Starting with the first line of the listing, quote each line exactly until and including the one with "#2783 = VECTOR ( 'NONE', #446, 39.37008 ) ;", leaving pictures out.

» **INPUT DATA**
___
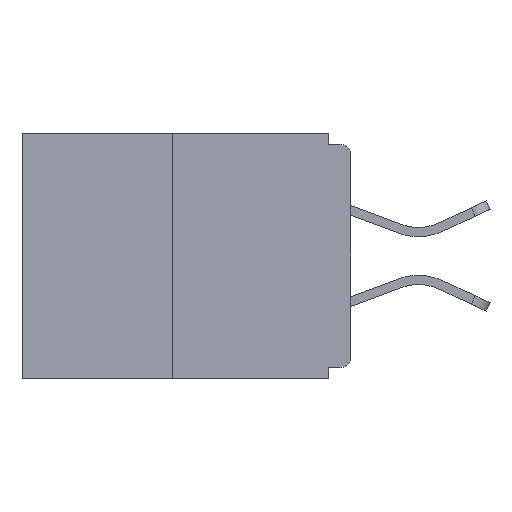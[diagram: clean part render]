
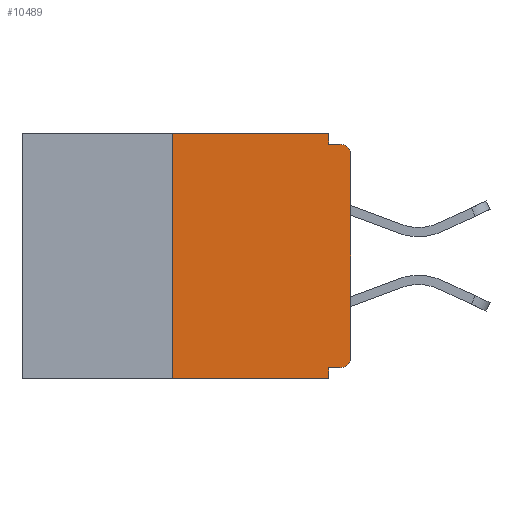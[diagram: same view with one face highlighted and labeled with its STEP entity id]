
A CAD part, left-side view. The second image highlights one B-rep face of the part: STEP entity #10489.
In plain terms, the highlighted planar face has unit normal (-1, 0, 0).
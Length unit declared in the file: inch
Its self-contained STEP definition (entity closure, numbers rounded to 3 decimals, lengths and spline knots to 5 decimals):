
#446 = DIRECTION ( 'NONE',  ( 0., 0., 1. ) ) ;
#726 = CARTESIAN_POINT ( 'NONE',  ( 0., 0.25, 0. ) ) ;
#926 = LINE ( 'NONE', #11372, #5210 ) ;
#979 = LINE ( 'NONE', #2194, #6238 ) ;
#1042 = ORIENTED_EDGE ( 'NONE', *, *, #1226, .T. ) ;
#1217 = ORIENTED_EDGE ( 'NONE', *, *, #13644, .T. ) ;
#1226 = EDGE_CURVE ( 'NONE', #1797, #6647, #14026, .T. ) ;
#1246 = CARTESIAN_POINT ( 'NONE',  ( 0., 0.015, -0.313 ) ) ;
#1255 = LINE ( 'NONE', #9181, #10355 ) ;
#1353 = VECTOR ( 'NONE', #9372, 39.37008 ) ;
#1409 = CARTESIAN_POINT ( 'NONE',  ( 0., 0., -0.313 ) ) ;
#1528 = VERTEX_POINT ( 'NONE', #6395 ) ;
#1690 = EDGE_CURVE ( 'NONE', #3728, #10472, #5357, .T. ) ;
#1797 = VERTEX_POINT ( 'NONE', #12678 ) ;
#1994 = EDGE_CURVE ( 'NONE', #11330, #14273, #13249, .T. ) ;
#2107 = AXIS2_PLACEMENT_3D ( 'NONE', #9107, #5828, #8756 ) ;
#2157 = DIRECTION ( 'NONE',  ( 0., -1., 0. ) ) ;
#2194 = CARTESIAN_POINT ( 'NONE',  ( 0., 0.46, 0. ) ) ;
#2197 = EDGE_CURVE ( 'NONE', #13698, #14273, #8385, .T. ) ;
#2239 = EDGE_CURVE ( 'NONE', #3454, #11330, #926, .T. ) ;
#2285 = EDGE_CURVE ( 'NONE', #1528, #8405, #1255, .T. ) ;
#2568 = ORIENTED_EDGE ( 'NONE', *, *, #2239, .F. ) ;
#2783 = VECTOR ( 'NONE', #446, 39.37008 ) ;
#2856 = EDGE_CURVE ( 'NONE', #3728, #8405, #4927, .T. ) ;
#3067 = VECTOR ( 'NONE', #8511, 39.37008 ) ;
#3139 = DIRECTION ( 'NONE',  ( 0., 0., -1. ) ) ;
#3239 = ORIENTED_EDGE ( 'NONE', *, *, #2285, .F. ) ;
#3248 = CARTESIAN_POINT ( 'NONE',  ( 0., 0., -0.03 ) ) ;
#3452 = CARTESIAN_POINT ( 'NONE',  ( 0., 0.25, 0. ) ) ;
#3454 = VERTEX_POINT ( 'NONE', #11852 ) ;
#3469 = DIRECTION ( 'NONE',  ( -1., 0., 0. ) ) ;
#3536 = DIRECTION ( 'NONE',  ( 1., 0., 0. ) ) ;
#3728 = VERTEX_POINT ( 'NONE', #13689 ) ;
#3981 = EDGE_CURVE ( 'NONE', #10472, #3454, #979, .T. ) ;
#4256 = EDGE_LOOP ( 'NONE', ( #11774, #6871, #13345, #3239, #13919, #1042, #1217, #6083, #7517, #2568 ) ) ;
#4329 = CARTESIAN_POINT ( 'NONE',  ( 0., 0., -0.015 ) ) ;
#4690 = LINE ( 'NONE', #4912, #1353 ) ;
#4710 = FACE_OUTER_BOUND ( 'NONE', #4256, .T. ) ;
#4908 = AXIS2_PLACEMENT_3D ( 'NONE', #1246, #3469, #5371 ) ;
#4912 = CARTESIAN_POINT ( 'NONE',  ( 0., 0., -0.328 ) ) ;
#4927 = LINE ( 'NONE', #12826, #8509 ) ;
#5210 = VECTOR ( 'NONE', #3139, 39.37008 ) ;
#5357 = LINE ( 'NONE', #3452, #2783 ) ;
#5371 = DIRECTION ( 'NONE',  ( 0., 0., -1. ) ) ;
#5725 = EDGE_CURVE ( 'NONE', #1797, #1528, #4690, .T. ) ;
#5828 = DIRECTION ( 'NONE',  ( -1., 0., 0. ) ) ;
#6038 = DIRECTION ( 'NONE',  ( 0., -1., 0. ) ) ;
#6083 = ORIENTED_EDGE ( 'NONE', *, *, #2197, .T. ) ;
#6238 = VECTOR ( 'NONE', #12322, 39.37008 ) ;
#6395 = CARTESIAN_POINT ( 'NONE',  ( 0., 0.031, -0.328 ) ) ;
#6647 = VERTEX_POINT ( 'NONE', #1409 ) ;
#6871 = ORIENTED_EDGE ( 'NONE', *, *, #1690, .F. ) ;
#7517 = ORIENTED_EDGE ( 'NONE', *, *, #1994, .F. ) ;
#7896 = CARTESIAN_POINT ( 'NONE',  ( 0., 0.031, -0.343 ) ) ;
#8342 = PLANE ( 'NONE',  #10701 ) ;
#8385 = CIRCLE ( 'NONE', #2107, 0.015 ) ;
#8405 = VERTEX_POINT ( 'NONE', #7896 ) ;
#8509 = VECTOR ( 'NONE', #6038, 39.37008 ) ;
#8511 = DIRECTION ( 'NONE',  ( 0., 0., 1. ) ) ;
#8632 = CARTESIAN_POINT ( 'NONE',  ( 0., 0.015, -0.015 ) ) ;
#8756 = DIRECTION ( 'NONE',  ( 0., 0., -1. ) ) ;
#9107 = CARTESIAN_POINT ( 'NONE',  ( 0., 0.015, -0.03 ) ) ;
#9181 = CARTESIAN_POINT ( 'NONE',  ( 0., 0.031, -0.343 ) ) ;
#9372 = DIRECTION ( 'NONE',  ( 0., 1., 0. ) ) ;
#10184 = CARTESIAN_POINT ( 'NONE',  ( 0., 0.46, 0. ) ) ;
#10355 = VECTOR ( 'NONE', #14284, 39.37008 ) ;
#10472 = VERTEX_POINT ( 'NONE', #726 ) ;
#10489 = ADVANCED_FACE ( 'NONE', ( #4710 ), #8342, .F. ) ;
#10701 = AXIS2_PLACEMENT_3D ( 'NONE', #10184, #3536, #11632 ) ;
#11330 = VERTEX_POINT ( 'NONE', #11373 ) ;
#11372 = CARTESIAN_POINT ( 'NONE',  ( 0., 0.031, 0. ) ) ;
#11373 = CARTESIAN_POINT ( 'NONE',  ( 0., 0.031, -0.015 ) ) ;
#11632 = DIRECTION ( 'NONE',  ( 0., 0., -1. ) ) ;
#11655 = VECTOR ( 'NONE', #2157, 39.37008 ) ;
#11774 = ORIENTED_EDGE ( 'NONE', *, *, #3981, .F. ) ;
#11852 = CARTESIAN_POINT ( 'NONE',  ( 0., 0.031, 0. ) ) ;
#12322 = DIRECTION ( 'NONE',  ( 0., -1., 0. ) ) ;
#12678 = CARTESIAN_POINT ( 'NONE',  ( 0., 0.015, -0.328 ) ) ;
#12826 = CARTESIAN_POINT ( 'NONE',  ( 0., 0.46, -0.343 ) ) ;
#13249 = LINE ( 'NONE', #4329, #11655 ) ;
#13345 = ORIENTED_EDGE ( 'NONE', *, *, #2856, .T. ) ;
#13644 = EDGE_CURVE ( 'NONE', #6647, #13698, #14096, .T. ) ;
#13689 = CARTESIAN_POINT ( 'NONE',  ( 0., 0.25, -0.343 ) ) ;
#13698 = VERTEX_POINT ( 'NONE', #3248 ) ;
#13919 = ORIENTED_EDGE ( 'NONE', *, *, #5725, .F. ) ;
#14026 = CIRCLE ( 'NONE', #4908, 0.015 ) ;
#14096 = LINE ( 'NONE', #14167, #3067 ) ;
#14167 = CARTESIAN_POINT ( 'NONE',  ( 0., 0., 0. ) ) ;
#14273 = VERTEX_POINT ( 'NONE', #8632 ) ;
#14284 = DIRECTION ( 'NONE',  ( 0., 0., -1. ) ) ;
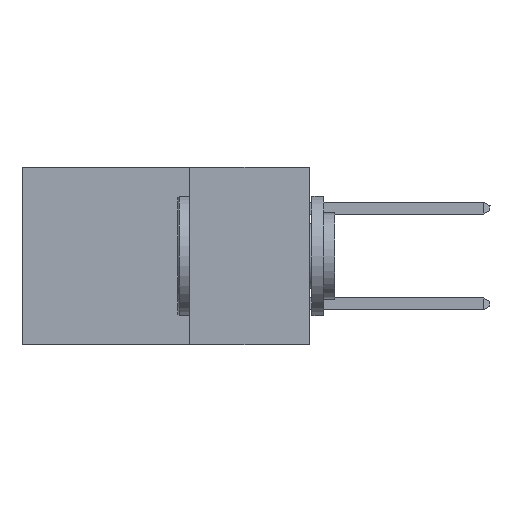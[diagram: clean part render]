
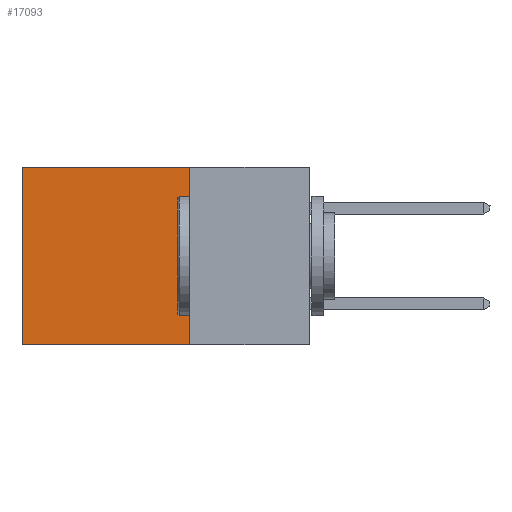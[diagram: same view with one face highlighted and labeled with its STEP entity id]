
A CAD part, left-side view. The second image highlights one B-rep face of the part: STEP entity #17093.
In plain terms, the highlighted planar face has unit normal (-1, 0, 0).
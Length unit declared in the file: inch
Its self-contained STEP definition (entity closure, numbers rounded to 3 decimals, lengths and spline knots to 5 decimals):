
#584 = DIRECTION ( 'NONE',  ( 0., 1., 0. ) ) ;
#1047 = ORIENTED_EDGE ( 'NONE', *, *, #21179, .T. ) ;
#1088 = LINE ( 'NONE', #1618, #5353 ) ;
#1179 = FACE_OUTER_BOUND ( 'NONE', #6675, .T. ) ;
#1275 = PLANE ( 'NONE',  #15061 ) ;
#1358 = DIRECTION ( 'NONE',  ( 1., 0., 0. ) ) ;
#1618 = CARTESIAN_POINT ( 'NONE',  ( 0.2875, 0.6, 0. ) ) ;
#1876 = VERTEX_POINT ( 'NONE', #19364 ) ;
#3099 = ORIENTED_EDGE ( 'NONE', *, *, #19947, .F. ) ;
#3882 = VERTEX_POINT ( 'NONE', #13539 ) ;
#3968 = DIRECTION ( 'NONE',  ( 0., 0., -1. ) ) ;
#4869 = ORIENTED_EDGE ( 'NONE', *, *, #12249, .T. ) ;
#5353 = VECTOR ( 'NONE', #14200, 39.37008 ) ;
#6013 = LINE ( 'NONE', #21727, #19612 ) ;
#6675 = EDGE_LOOP ( 'NONE', ( #1047, #3099, #13096, #4869 ) ) ;
#7894 = VECTOR ( 'NONE', #584, 39.37008 ) ;
#10750 = VERTEX_POINT ( 'NONE', #12427 ) ;
#11455 = CARTESIAN_POINT ( 'NONE',  ( 0.2875, 0.25, -0.37 ) ) ;
#11803 = CARTESIAN_POINT ( 'NONE',  ( 0.2875, 0.25, 0. ) ) ;
#12249 = EDGE_CURVE ( 'NONE', #10750, #16702, #23012, .T. ) ;
#12427 = CARTESIAN_POINT ( 'NONE',  ( 0.2875, 0.25, 0. ) ) ;
#13096 = ORIENTED_EDGE ( 'NONE', *, *, #18692, .F. ) ;
#13539 = CARTESIAN_POINT ( 'NONE',  ( 0.2875, 0.6, -0.37 ) ) ;
#13868 = DIRECTION ( 'NONE',  ( 0., 0., -1. ) ) ;
#14200 = DIRECTION ( 'NONE',  ( 0., 0., -1. ) ) ;
#14587 = CARTESIAN_POINT ( 'NONE',  ( 0.2875, 0.6, 0. ) ) ;
#15061 = AXIS2_PLACEMENT_3D ( 'NONE', #20927, #1358, #13868 ) ;
#16702 = VERTEX_POINT ( 'NONE', #14587 ) ;
#17093 = ADVANCED_FACE ( 'NONE', ( #1179 ), #1275, .F. ) ;
#18392 = VECTOR ( 'NONE', #20649, 39.37008 ) ;
#18692 = EDGE_CURVE ( 'NONE', #10750, #1876, #6013, .T. ) ;
#19364 = CARTESIAN_POINT ( 'NONE',  ( 0.2875, 0.25, -0.37 ) ) ;
#19612 = VECTOR ( 'NONE', #3968, 39.37008 ) ;
#19947 = EDGE_CURVE ( 'NONE', #1876, #3882, #21438, .T. ) ;
#20649 = DIRECTION ( 'NONE',  ( 0., 1., 0. ) ) ;
#20927 = CARTESIAN_POINT ( 'NONE',  ( 0.2875, 0.25, 0. ) ) ;
#21179 = EDGE_CURVE ( 'NONE', #16702, #3882, #1088, .T. ) ;
#21438 = LINE ( 'NONE', #11455, #7894 ) ;
#21727 = CARTESIAN_POINT ( 'NONE',  ( 0.2875, 0.25, 0. ) ) ;
#23012 = LINE ( 'NONE', #11803, #18392 ) ;
___
» **SOLUTION FOR THIS TASK**
[diagram: clean part render]
[diagram: same view with one face highlighted and labeled with its STEP entity id]
A CAD part, left-side view. The second image highlights one B-rep face of the part: STEP entity #10489.
In plain terms, the highlighted planar face has unit normal (-1, 0, 0).
Length unit declared in the file: inch
Its self-contained STEP definition (entity closure, numbers rounded to 3 decimals, lengths and spline knots to 5 decimals):
#446 = DIRECTION ( 'NONE',  ( 0., 0., 1. ) ) ;
#726 = CARTESIAN_POINT ( 'NONE',  ( 0., 0.25, 0. ) ) ;
#926 = LINE ( 'NONE', #11372, #5210 ) ;
#979 = LINE ( 'NONE', #2194, #6238 ) ;
#1042 = ORIENTED_EDGE ( 'NONE', *, *, #1226, .T. ) ;
#1217 = ORIENTED_EDGE ( 'NONE', *, *, #13644, .T. ) ;
#1226 = EDGE_CURVE ( 'NONE', #1797, #6647, #14026, .T. ) ;
#1246 = CARTESIAN_POINT ( 'NONE',  ( 0., 0.015, -0.313 ) ) ;
#1255 = LINE ( 'NONE', #9181, #10355 ) ;
#1353 = VECTOR ( 'NONE', #9372, 39.37008 ) ;
#1409 = CARTESIAN_POINT ( 'NONE',  ( 0., 0., -0.313 ) ) ;
#1528 = VERTEX_POINT ( 'NONE', #6395 ) ;
#1690 = EDGE_CURVE ( 'NONE', #3728, #10472, #5357, .T. ) ;
#1797 = VERTEX_POINT ( 'NONE', #12678 ) ;
#1994 = EDGE_CURVE ( 'NONE', #11330, #14273, #13249, .T. ) ;
#2107 = AXIS2_PLACEMENT_3D ( 'NONE', #9107, #5828, #8756 ) ;
#2157 = DIRECTION ( 'NONE',  ( 0., -1., 0. ) ) ;
#2194 = CARTESIAN_POINT ( 'NONE',  ( 0., 0.46, 0. ) ) ;
#2197 = EDGE_CURVE ( 'NONE', #13698, #14273, #8385, .T. ) ;
#2239 = EDGE_CURVE ( 'NONE', #3454, #11330, #926, .T. ) ;
#2285 = EDGE_CURVE ( 'NONE', #1528, #8405, #1255, .T. ) ;
#2568 = ORIENTED_EDGE ( 'NONE', *, *, #2239, .F. ) ;
#2783 = VECTOR ( 'NONE', #446, 39.37008 ) ;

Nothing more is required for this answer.